Exercise:
Transcribe, leaving out every picture, the lines that run from the start of the listing below through the line with "SALIENTE_EXTRUIR3_DEPTH = 14".

====== Data extract ======

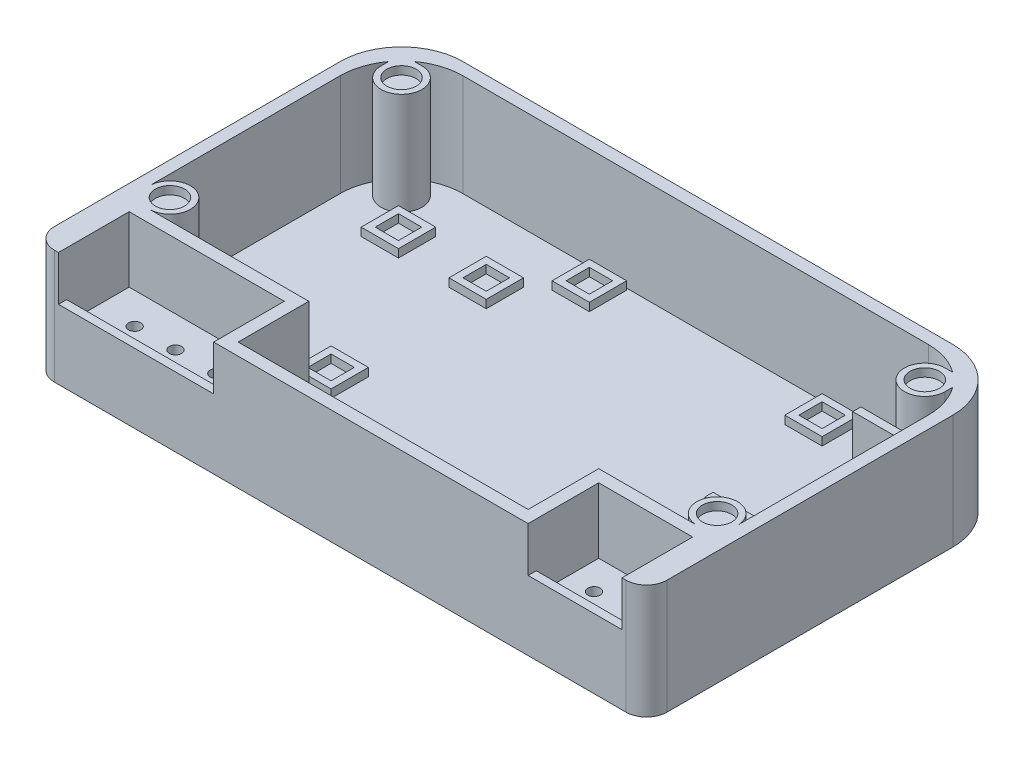
from build123d import *

# Parameters (mm, degrees)
CROQUIS1_W              = 150
CROQUIS1_H              = 90
SALIENTE_EXTRUIR1_DEPTH = 3
SALIENTE_EXTRUIR2_DEPTH = 25
CROQUIS3_W              = 38
CROQUIS3_H              = 2
CROQUIS3_W_2            = 23
SALIENTE_EXTRUIR3_DEPTH = 14
SALIENTE_EXTRUIR4_START = 6
CROQUIS4_W              = 38
CROQUIS4_H              = 15.3
CROQUIS4_R              = 1.5
CROQUIS4_W_2            = 23
SALIENTE_EXTRUIR4_DEPTH = 3
CORTAR_EXTRUIR1_REACH   = 110.14
CROQUIS5_W              = 20
CROQUIS5_H              = 6
CROQUIS5_W_2            = 10
REDONDEO1_R             = 15
REDONDEO2_R             = 5
SALIENTE_EXTRUIR5_START = 25
SALIENTE_EXTRUIR5_DEPTH = 25
CROQUIS7_R              = 3.6
CORTAR_EXTRUIR2_DEPTH   = 2
CROQUIS8_W              = 9.129710912
CROQUIS8_H              = 9.129710912
CROQUIS8_W_2            = 5.7
CROQUIS8_H_2            = 5.7
SALIENTE_EXTRUIR6_DEPTH = 2
CROQUIS9_W              = 15
CROQUIS9_H              = 2
SALIENTE_EXTRUIR7_DEPTH = 20


with BuildPart() as part:
    # Croquis1 → Saliente-Extruir1 (new body)
    with BuildSketch(Plane(origin=(0, 0, 0), x_dir=(1, 0, 0), z_dir=(0, 1, 0))):
        Rectangle(CROQUIS1_W, CROQUIS1_H)
    extrude(amount=SALIENTE_EXTRUIR1_DEPTH)

    # Croquis2 → Saliente-Extruir2 (add)
    with BuildSketch(Plane(origin=(0, 3, 0), x_dir=(1, 0, 0), z_dir=(0, 1, 0))):
        Polygon((-75, -45), (-75, 45), (75, 45), (75, -45), (69, -45), (69, -27.7), (46, -27.7), (46, -45), (-31, -45), (-31, -27.7), (-69, -27.7), (-69, -45), align=None)
        Polygon((-72, 42), (72, 42), (72, -24.7), (43, -24.7), (43, -42), (-28, -42), (-28, -24.7), (-72, -24.7), align=None, mode=Mode.SUBTRACT)
    extrude(amount=SALIENTE_EXTRUIR2_DEPTH)

    # Croquis3 → Saliente-Extruir3 (add)
    with BuildSketch(Plane(origin=(0, 3, 0), x_dir=(1, 0, 0), z_dir=(0, 1, 0))):
        with Locations((-50, -44)):
            Rectangle(CROQUIS3_W, CROQUIS3_H)
        with Locations((57.5, -44)):
            Rectangle(CROQUIS3_W_2, CROQUIS3_H)
    extrude(amount=SALIENTE_EXTRUIR3_DEPTH)

    # Croquis4 → Saliente-Extruir4 (add)
    # profile 1 of 2: a face of its own
    with BuildSketch(Plane(origin=(0, 3, 0), x_dir=(1, 0, 0), z_dir=(0, 1, 0)).offset(SALIENTE_EXTRUIR4_START)):
        with Locations((-50, -35.35)):
            Rectangle(CROQUIS4_W, CROQUIS4_H)
        with Locations(Location((-50, -35.35, 0), (0, 0, 270))):
            Circle(CROQUIS4_R, mode=Mode.SUBTRACT)
        with Locations(Location((-40, -35.35, 0), (0, 0, 270))):
            Circle(CROQUIS4_R, mode=Mode.SUBTRACT)
        with Locations(Location((-60, -35.35, 0), (0, 0, 270))):
            Circle(CROQUIS4_R, mode=Mode.SUBTRACT)
    # profile 2 of 2: a face of its own
    with BuildSketch(Plane(origin=(0, 3, 0), x_dir=(1, 0, 0), z_dir=(0, 1, 0)).offset(SALIENTE_EXTRUIR4_START)):
        with Locations((57.5, -35.35)):
            Rectangle(CROQUIS4_W_2, CROQUIS4_H)
        with Locations(Location((62.5, -35.35, 0), (0, 0, 270))):
            Circle(CROQUIS4_R, mode=Mode.SUBTRACT)
        with Locations(Location((52.5, -35.35, 0), (0, 0, 270))):
            Circle(CROQUIS4_R, mode=Mode.SUBTRACT)
    extrude(amount=SALIENTE_EXTRUIR4_DEPTH)

    # Croquis5 → Cortar-Extruir1 (cut, up to next)
    with BuildSketch(Plane.XY.offset(27.7), mode=Mode.PRIVATE) as cortar_extruir1_sk1:
        with Locations((-50, 6)):
            Rectangle(CROQUIS5_W, CROQUIS5_H)
    cortar_extruir1_tool1 = extrude(cortar_extruir1_sk1.sketch, amount=-CORTAR_EXTRUIR1_REACH, mode=Mode.PRIVATE) & part.part
    # Croquis5 → Cortar-Extruir1 (cut, up to next)
    with BuildSketch(Plane.XY.offset(27.7), mode=Mode.PRIVATE) as cortar_extruir1_sk2:
        with Locations((57.5, 6)):
            Rectangle(CROQUIS5_W_2, CROQUIS5_H)
    cortar_extruir1_tool2 = extrude(cortar_extruir1_sk2.sketch, amount=-CORTAR_EXTRUIR1_REACH, mode=Mode.PRIVATE) & part.part
    add(cortar_extruir1_tool1.solids().sort_by_distance((-50, 6, 27.7))[0], mode=Mode.SUBTRACT)
    add(cortar_extruir1_tool2.solids().sort_by_distance((57.5, 6, 27.7))[0], mode=Mode.SUBTRACT)

    # Redondeo1
    redondeo1_edges = [part.edges().sort_by_distance(p)[0] for p in [
        (72, 15.5, -42),
        (-72, 15.5, -42),
        (-75, 14, -45),
        (75, 14, -45),
    ]]
    fillet(redondeo1_edges, radius=REDONDEO1_R)

    # Redondeo2
    redondeo2_edges = [part.edges().sort_by_distance(p)[0] for p in [
        (75, 14, 45),
        (-75, 14, 45),
    ]]
    fillet(redondeo2_edges, radius=REDONDEO2_R)

    # Croquis6 → Saliente-Extruir5 (add)
    with BuildSketch(Plane(origin=(0, 3, 0), x_dir=(1, 0, 0), z_dir=(0, 1, 0)).offset(SALIENTE_EXTRUIR5_START)):
        with BuildLine():
            Line((-64.071067812, 39.071067812), (-65.90445517, 39.071067812))
            ThreePointArc((-65.90445517, 39.071067812), (-67.606601718, 37.606601718), (-69.071067812, 35.90445517))
            Line((-69.071067812, 35.90445517), (-69.071067812, 34.071067812))
            ThreePointArc((-69.071067812, 34.071067812), (-60.535533906, 30.535533906), (-64.071067812, 39.071067812))
        make_face()
        with BuildLine():
            Line((-67, -24.7), (-72, -24.7))
            Line((-72, -24.7), (-72, -19.7))
            ThreePointArc((-72, -19.7), (-63.464466094, -16.164466094), (-67, -24.7))
        make_face()
        with BuildLine():
            Line((72, -24.7), (72, -19.7))
            ThreePointArc((72, -19.7), (63.464466094, -16.164466094), (67, -24.7))
            Line((67, -24.7), (72, -24.7))
        make_face()
        with BuildLine():
            Line((69.071067812, 34.071067812), (69.071067812, 35.90445517))
            ThreePointArc((69.071067812, 35.90445517), (67.606601718, 37.606601718), (65.90445517, 39.071067812))
            Line((65.90445517, 39.071067812), (64.071067812, 39.071067812))
            ThreePointArc((64.071067812, 39.071067812), (60.535533906, 30.535533906), (69.071067812, 34.071067812))
        make_face()
    extrude(amount=-SALIENTE_EXTRUIR5_DEPTH)

    # Croquis7 → Cortar-Extruir2 (cut)
    with BuildSketch(Plane(origin=(0, 28, 0), x_dir=(1, 0, 0), z_dir=(0, 1, 0))):
        with Locations(Location((-64.071067812, 34.071067812, 0), (0, 0, 270))):
            Circle(CROQUIS7_R)
        with Locations(Location((64.071067812, 34.071067812, 0), (0, 0, 270))):
            Circle(CROQUIS7_R)
        with Locations(Location((67, -19.7, 0), (0, 0, 270))):
            Circle(CROQUIS7_R)
        with Locations(Location((-67, -19.7, 0), (0, 0, 270))):
            Circle(CROQUIS7_R)
    extrude(amount=-CORTAR_EXTRUIR2_DEPTH, mode=Mode.SUBTRACT)

    # Croquis8 → Saliente-Extruir6 (add)
    # profile 1 of 8: a face of its own
    with BuildSketch(Plane(origin=(0, 3, 0), x_dir=(1, 0, 0), z_dir=(0, 1, 0))):
        with Locations((-34.25, 25)):
            Rectangle(CROQUIS8_W, CROQUIS8_H)
        with Locations((-34.25, 25)):
            Rectangle(CROQUIS8_W_2, CROQUIS8_H_2, mode=Mode.SUBTRACT)
    # profile 2 of 8: a face of its own
    with BuildSketch(Plane(origin=(0, 3, 0), x_dir=(1, 0, 0), z_dir=(0, 1, 0))):
        with Locations((-55.75, 25)):
            Rectangle(CROQUIS8_W, CROQUIS8_H)
        with Locations((-55.75, 25)):
            Rectangle(CROQUIS8_W_2, CROQUIS8_H_2, mode=Mode.SUBTRACT)
    # profile 3 of 8: a face of its own
    with BuildSketch(Plane(origin=(0, 3, 0), x_dir=(1, 0, 0), z_dir=(0, 1, 0))):
        with Locations((-34.25, -13)):
            Rectangle(CROQUIS8_W, CROQUIS8_H)
        with Locations((-34.25, -13)):
            Rectangle(CROQUIS8_W_2, CROQUIS8_H_2, mode=Mode.SUBTRACT)
    # profile 4 of 8: a face of its own
    with BuildSketch(Plane(origin=(0, 3, 0), x_dir=(1, 0, 0), z_dir=(0, 1, 0))):
        with Locations((-55.75, -13)):
            Rectangle(CROQUIS8_W, CROQUIS8_H)
        with Locations((-55.75, -13)):
            Rectangle(CROQUIS8_W_2, CROQUIS8_H_2, mode=Mode.SUBTRACT)
    # profile 5 of 8: a face of its own
    with BuildSketch(Plane(origin=(0, 3, 0), x_dir=(1, 0, 0), z_dir=(0, 1, 0))):
        with Locations((36, 37)):
            Rectangle(CROQUIS8_W, CROQUIS8_H)
        with Locations((36, 37)):
            Rectangle(CROQUIS8_W_2, CROQUIS8_H_2, mode=Mode.SUBTRACT)
    # profile 6 of 8: a face of its own
    with BuildSketch(Plane(origin=(0, 3, 0), x_dir=(1, 0, 0), z_dir=(0, 1, 0))):
        with Locations((-21, 37)):
            Rectangle(CROQUIS8_W, CROQUIS8_H)
        with Locations((-21, 37)):
            Rectangle(CROQUIS8_W_2, CROQUIS8_H_2, mode=Mode.SUBTRACT)
    # profile 7 of 8: a face of its own
    with BuildSketch(Plane(origin=(0, 3, 0), x_dir=(1, 0, 0), z_dir=(0, 1, 0))):
        with Locations((-21, -34)):
            Rectangle(CROQUIS8_W, CROQUIS8_H)
        with Locations((-21, -34)):
            Rectangle(CROQUIS8_W_2, CROQUIS8_H_2, mode=Mode.SUBTRACT)
    # profile 8 of 8: a face of its own
    with BuildSketch(Plane(origin=(0, 3, 0), x_dir=(1, 0, 0), z_dir=(0, 1, 0))):
        with Locations((36, -34)):
            Rectangle(CROQUIS8_W, CROQUIS8_H)
        with Locations((36, -34)):
            Rectangle(CROQUIS8_W_2, CROQUIS8_H_2, mode=Mode.SUBTRACT)
    extrude(amount=SALIENTE_EXTRUIR6_DEPTH)

    # Croquis9 → Saliente-Extruir7 (add)
    with BuildSketch(Plane(origin=(0, 3, 0), x_dir=(1, 0, 0), z_dir=(0, 1, 0))):
        with Locations((64.5, -11.7)):
            Rectangle(CROQUIS9_W, CROQUIS9_H)
        with Locations((64.5, 24.5)):
            Rectangle(CROQUIS9_W, CROQUIS9_H)
    extrude(amount=SALIENTE_EXTRUIR7_DEPTH)


solid = part.part

======

Expected output:
from build123d import *

# Parameters (mm, degrees)
CROQUIS1_W              = 150
CROQUIS1_H              = 90
SALIENTE_EXTRUIR1_DEPTH = 3
SALIENTE_EXTRUIR2_DEPTH = 25
CROQUIS3_W              = 38
CROQUIS3_H              = 2
CROQUIS3_W_2            = 23
SALIENTE_EXTRUIR3_DEPTH = 14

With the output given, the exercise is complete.